_Exercise details:_ Copy the line with "TurnSpeed : Constant" and all lines following it through the last line of the entries, exactly as written.
# # # # #
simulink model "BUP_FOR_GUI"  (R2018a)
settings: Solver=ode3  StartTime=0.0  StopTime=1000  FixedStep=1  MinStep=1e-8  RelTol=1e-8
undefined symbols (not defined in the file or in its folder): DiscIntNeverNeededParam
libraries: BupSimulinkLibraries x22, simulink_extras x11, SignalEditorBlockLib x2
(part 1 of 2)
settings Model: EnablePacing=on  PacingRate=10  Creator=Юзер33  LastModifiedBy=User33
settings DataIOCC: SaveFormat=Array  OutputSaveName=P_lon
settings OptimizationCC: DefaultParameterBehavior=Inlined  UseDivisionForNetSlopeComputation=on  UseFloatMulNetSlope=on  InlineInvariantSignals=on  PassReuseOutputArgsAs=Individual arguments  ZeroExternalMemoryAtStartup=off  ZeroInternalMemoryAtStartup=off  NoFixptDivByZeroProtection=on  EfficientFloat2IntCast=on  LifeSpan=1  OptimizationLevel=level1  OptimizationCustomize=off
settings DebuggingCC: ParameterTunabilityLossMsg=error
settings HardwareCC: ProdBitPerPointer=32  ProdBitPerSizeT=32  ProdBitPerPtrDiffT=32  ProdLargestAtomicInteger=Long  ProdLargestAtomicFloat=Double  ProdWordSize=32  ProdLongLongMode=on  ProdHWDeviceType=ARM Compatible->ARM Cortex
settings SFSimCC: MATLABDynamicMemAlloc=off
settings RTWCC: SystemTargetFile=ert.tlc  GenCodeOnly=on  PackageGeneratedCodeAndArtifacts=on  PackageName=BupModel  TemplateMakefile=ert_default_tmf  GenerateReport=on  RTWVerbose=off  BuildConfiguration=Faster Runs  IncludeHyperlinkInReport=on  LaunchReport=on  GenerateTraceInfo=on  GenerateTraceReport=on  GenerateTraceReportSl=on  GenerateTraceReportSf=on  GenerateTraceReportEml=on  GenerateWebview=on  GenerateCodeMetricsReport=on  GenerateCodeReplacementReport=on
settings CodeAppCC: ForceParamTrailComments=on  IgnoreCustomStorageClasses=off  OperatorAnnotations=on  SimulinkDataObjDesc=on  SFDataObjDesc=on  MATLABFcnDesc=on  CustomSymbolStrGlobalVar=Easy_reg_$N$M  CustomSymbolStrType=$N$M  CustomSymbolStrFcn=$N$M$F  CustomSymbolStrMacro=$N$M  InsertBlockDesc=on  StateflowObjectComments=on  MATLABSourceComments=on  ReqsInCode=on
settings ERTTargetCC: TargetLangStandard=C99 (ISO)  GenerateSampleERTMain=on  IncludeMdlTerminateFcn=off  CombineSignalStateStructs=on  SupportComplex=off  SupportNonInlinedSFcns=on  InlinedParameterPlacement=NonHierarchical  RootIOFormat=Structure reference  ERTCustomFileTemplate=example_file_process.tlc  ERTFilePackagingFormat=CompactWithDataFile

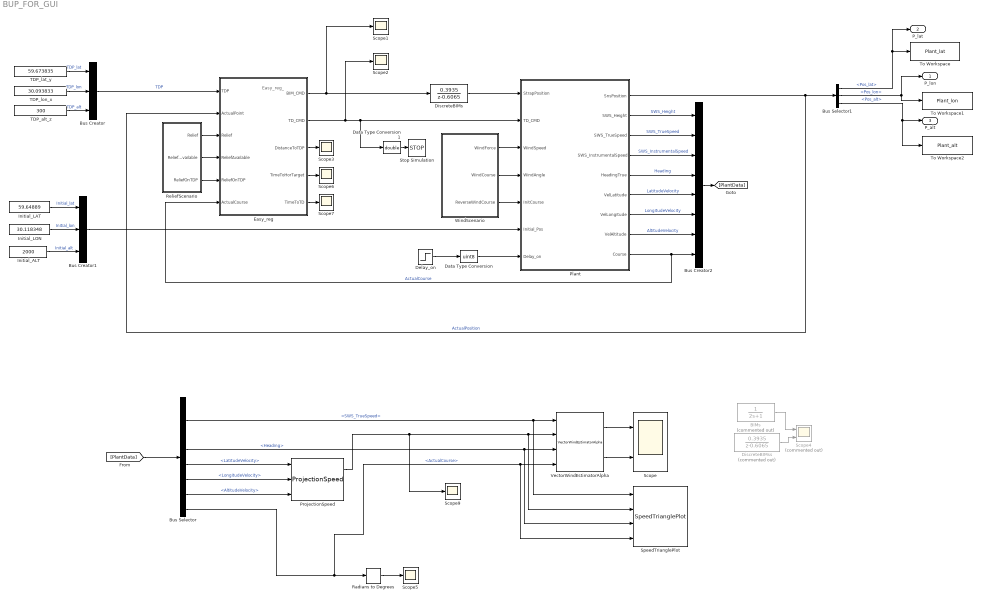
== system BUP_FOR_GUI ==
  note: Easy_reg_
  BIMs : TransferFcn  Commented=on  Denominator=[2 1]
  Bus Creator : BusCreator  Inputs=3
  Bus Creator1 : BusCreator  Inputs=3
  Bus Creator2 : BusCreator  Inputs=8
  Bus Selector : BusSelector  OutputSignals=SWS_Height,SWS_TrueSpeed,SWS_InstrumentalSpeed,Heading,LatitudeVelocity,LongitudeVelocity,AltitudeVelocity,ActualCourse
  Bus Selector1 : BusSelector  OutputSignals=Pos_lat,Pos_lon,Pos_alt
  Data Type Conversion : DataTypeConversion  OutDataTypeStr=uint8
  Data Type Conversion1 : DataTypeConversion  OutDataTypeStr=double
  Delay_on : Step  Time=20  SampleTime=0
  DiscreteBIMs : DiscreteTransferFcn  Numerator=[0.3935]  Denominator=[1 -0.6065]
  DiscreteBIMss : DiscreteTransferFcn  Commented=on  Numerator=[0.3935]  Denominator=[1 -0.6065]
  Easy_reg : Subsystem  TreatAsAtomicUnit=on  SystemSampleTime=1
  Initial_ALT : Constant  Value=2000
  Initial_LAT : Constant  Value=59.64889
  Initial_LON : Constant  Value=30.118348
  Plant : Subsystem  TreatAsAtomicUnit=on
  ProjectionSpeed : BupSimulinkLibraries/ProjectionSpeed
  Radians to Degrees : simulink_extras/Transformations/Radians to Degrees
  ReliefScenario : Subsystem  SystemSampleTime=1
  Scope : Scope  NumInputPorts=2
  Scope{1..3,5..7,9} (7 alike) : Scope
  Scope4 : Scope  Commented=on  NumInputPorts=2
  SpeedTrianglePlot : BupSimulinkLibraries/SpeedTrianglePlot
  Stop Simulation : Stop
  TDP_alt_z : Constant  Value=300
  TDP_lat_y : Constant  Value=59.673835
  TDP_lon_x : Constant  Value=30.093833
  To Workspace : ToWorkspace  VariableName=Plant_lat  SampleTime=-1
  To Workspace1 : ToWorkspace  VariableName=Plant_lon  SampleTime=-1
  To Workspace2 : ToWorkspace  VariableName=Plant_alt  SampleTime=-1
  VectorWindEstimatorAlpha : BupSimulinkLibraries/VectorWindEstimatorAlpha  SystemSampleTime=-1
  WindScenario : Subsystem  SystemSampleTime=1
  P_lon : Outport
  P_lat : Outport  Port=2
  P_alt : Outport  Port=3
  wires:
  TDP_alt_z/1 -> Bus Creator/3  "TDP_alt"
  TDP_lon_x/1 -> Bus Creator/2  "TDP_lon"
  TDP_lat_y/1 -> Bus Creator/1  "TDP_lat"
  Bus Creator/1 -> Easy_reg/1(TDP)  "TDP"
  Plant/1(SnsPosition) -> Easy_reg/2(ActualPoint), Bus Selector1/1  "ActualPosition"
  Initial_LAT/1 -> Bus Creator1/1  "Initial_lat"
  Bus Creator1/1 -> Plant/6(Initial_Pos)
  Initial_LON/1 -> Bus Creator1/2  "Initial_lon"
  Initial_ALT/1 -> Bus Creator1/3  "Initial_alt"
  BIMs/1 -> Scope4/1
  DiscreteBIMss/1 -> Scope4/2
  Bus Selector1/1 -> To Workspace/1, P_lat/1  "<Pos_lat>"
  Delay_on/1 -> Data Type Conversion/1
  ReliefScenario/3(ReliefOnTDP) -> Easy_reg/5(ReliefOnTDP)
  ReliefScenario/1(Relief) -> Easy_reg/3(Relief)
  ReliefScenario/2(ReliefAvailable) -> Easy_reg/4(ReliefAvailable)
  DiscreteBIMs/1 -> Plant/1(StrapPosition)
  Easy_reg/1(BIM_CMD) -> DiscreteBIMs/1, Scope1/1
  Easy_reg/2(TD_CMD) -> Scope2/1, Data Type Conversion1/1, Plant/2(TD_CMD)
  Data Type Conversion/1 -> Plant/7(Delay_on)
  Bus Selector1/2 -> P_lon/1, To Workspace1/1  "<Pos_lon>"
  Bus Selector1/3 -> To Workspace2/1, P_alt/1  "<Pos_alt>"
  Plant/7(VelLongitude) -> Bus Creator2/6  "LongitudeVelocity"
  Plant/8(VelAltitude) -> Bus Creator2/7  "AltitudeVelocity"
  Plant/6(VelLatitude) -> Bus Creator2/5  "LatitudeVelocity"
  Plant/2(SWS_Height) -> Bus Creator2/1  "SWS_Height"
  Plant/5(HeadingTrue) -> Bus Creator2/4  "Heading"
  Plant/4(SWS_InstrumentalSpeed) -> Bus Creator2/3  "SWS_InstrumentalSpeed"
  Bus Creator2/1 -> [PlantData]
  Plant/9(Course) -> Easy_reg/6(ActualCourse), Bus Creator2/8  "ActualCourse"
  Plant/3(SWS_TrueSpeed) -> Bus Creator2/2  "SWS_TrueSpeed"
  WindScenario/2(WindCourse) -> Plant/4(WindAngle)
  WindScenario/1(WindForce) -> Plant/3(WindSpeed)
  WindScenario/3(ReverseWindCourse) -> Plant/5(InitCourse)
  [PlantData] -> Bus Selector/1
  Bus Selector/6 -> ProjectionSpeed/2  "<LongitudeVelocity>"
  Bus Selector/2 -> SpeedTrianglePlot/1, VectorWindEstimatorAlpha/1  "<SWS_TrueSpeed>"
  Radians to Degrees/1 -> Scope5/1
  Bus Selector/8 -> SpeedTrianglePlot/4, VectorWindEstimatorAlpha/4, Radians to Degrees/1  "<ActualCourse>"
  Bus Selector/4 -> SpeedTrianglePlot/3, VectorWindEstimatorAlpha/3  "<Heading>"
  VectorWindEstimatorAlpha/1 -> Scope/1
  VectorWindEstimatorAlpha/2 -> Scope/2
  ProjectionSpeed/1 -> Scope9/1, SpeedTrianglePlot/2, VectorWindEstimatorAlpha/2
  Bus Selector/5 -> ProjectionSpeed/1  "<LatitudeVelocity>"
  Bus Selector/7 -> ProjectionSpeed/3  "<AltitudeVelocity>"
  Data Type Conversion1/1 -> Stop Simulation/1
  Easy_reg/3(DistanceToTDP) -> Scope3/1
  Easy_reg/4(TimeToHorTarget) -> Scope6/1
  Easy_reg/5(TimeToTD) -> Scope7/1

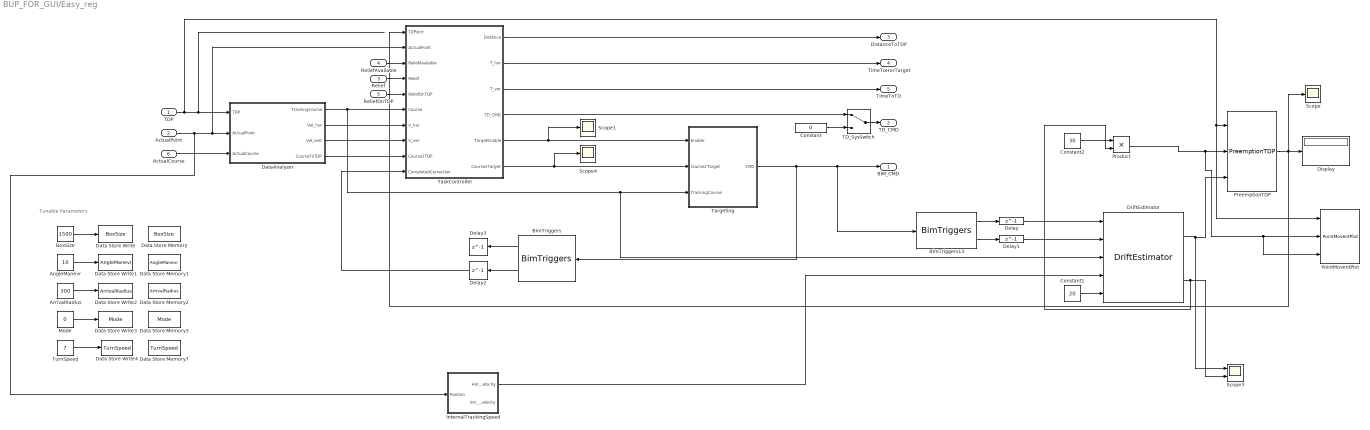
== system BUP_FOR_GUI/Easy_reg ==
  note: Tunable Parameters
  TDP : Inport
  ActualPoint : Inport  Port=2
  Relief : Inport  Port=3
  ReliefAvailable : Inport  Port=4
  ReliefOnTDP : Inport  Port=5
  ActualCourse : Inport  Port=6
  AngleManevr : Constant  Value=10
  ArrivalRadius : Constant  Value=300
  BimTriggers : BupSimulinkLibraries/BimTriggers
  BimTriggers13 : BupSimulinkLibraries/BimTriggers
  BoxSize : Constant  Value=1500
  Constant : Constant  Value=0
  Constant1 : Constant  Value=20
  Constant2 : Constant  Value=30
  Data Store Memory : DataStoreMemory  DataStoreName=BoxSize  ReadBeforeWriteMsg=warning  WriteAfterWriteMsg=warning  WriteAfterReadMsg=warning  ShowAdditionalParam=off  OutDataTypeStr=double  Dimensions=1
  Data Store Memory1 : DataStoreMemory  DataStoreName=AngleManevr  ReadBeforeWriteMsg=warning  WriteAfterWriteMsg=warning  WriteAfterReadMsg=warning  ShowAdditionalParam=off  OutDataTypeStr=double  Dimensions=1
  Data Store Memory2 : DataStoreMemory  DataStoreName=ArrivalRadius  ReadBeforeWriteMsg=warning  WriteAfterWriteMsg=warning  WriteAfterReadMsg=warning  ShowAdditionalParam=off  OutDataTypeStr=double  Dimensions=1
  Data Store Memory3 : DataStoreMemory  DataStoreName=Mode  ReadBeforeWriteMsg=warning  WriteAfterWriteMsg=warning  WriteAfterReadMsg=warning  ShowAdditionalParam=off  OutDataTypeStr=uint8  Dimensions=1
  Data Store Memory7 : DataStoreMemory  DataStoreName=TurnSpeed  ReadBeforeWriteMsg=warning  WriteAfterWriteMsg=warning  WriteAfterReadMsg=warning  ShowAdditionalParam=off  OutDataTypeStr=double  Dimensions=1
  Data Store Write : DataStoreWrite  DataStoreName=BoxSize
  Data Store Write1 : DataStoreWrite  DataStoreName=AngleManevr
  Data Store Write2 : DataStoreWrite  DataStoreName=ArrivalRadius
  Data Store Write3 : DataStoreWrite  DataStoreName=Mode
  Data Store Write4 : DataStoreWrite  DataStoreName=TurnSpeed
  DataAnalyzer : Subsystem
  Delay : Delay  DelayLength=1
  Delay1 : Delay  DelayLength=1
  Delay2 : Delay  DelayLength=1  InitialCondition=0
  Delay3 : Delay  DelayLength=1  InitialCondition=0
  Display : Display
  DriftEstimator : BupSimulinkLibraries/DriftEstimator
  InternalTrackingSpeed : Subsystem
  Mode : Constant  Value=0  OutDataTypeStr=uint8
  PointMoventPlot : BupSimulinkLibraries/PointMoventPlot
  PreemptionTDP : BupSimulinkLibraries/PreemptionTDP
  Product : Product
  Scope : Scope
  Scope1 : Scope
  Scope3 : Scope  NumInputPorts=2
  Scope4 : Scope
  TD_SysSwitch : ManualSwitch
  Targeting : Subsystem
  TaskController : Stateflow chart  TreatAsAtomicUnit=on  SystemSampleTime=1
  TurnSpeed : Constant  Value=7  OutDataTypeStr=double
  BIM_CMD : Outport
  TD_CMD : Outport  Port=2  OutDataTypeStr=uint8
  DistanceToTDP : Outport  Port=3
  TimeToHorTarget : Outport  Port=4
  TimeToTD : Outport  Port=5
  wires:
  TaskController/4(TD_CMD) -> TD_SysSwitch/1
  BoxSize/1 -> Data Store Write/1
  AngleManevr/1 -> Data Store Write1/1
# # # # #
_Exercise solution:_
  TurnSpeed : Constant  Value=7  OutDataTypeStr=double
  BIM_CMD : Outport
  TD_CMD : Outport  Port=2  OutDataTypeStr=uint8
  DistanceToTDP : Outport  Port=3
  TimeToHorTarget : Outport  Port=4
  TimeToTD : Outport  Port=5
  wires:
  TaskController/4(TD_CMD) -> TD_SysSwitch/1
  BoxSize/1 -> Data Store Write/1
  AngleManevr/1 -> Data Store Write1/1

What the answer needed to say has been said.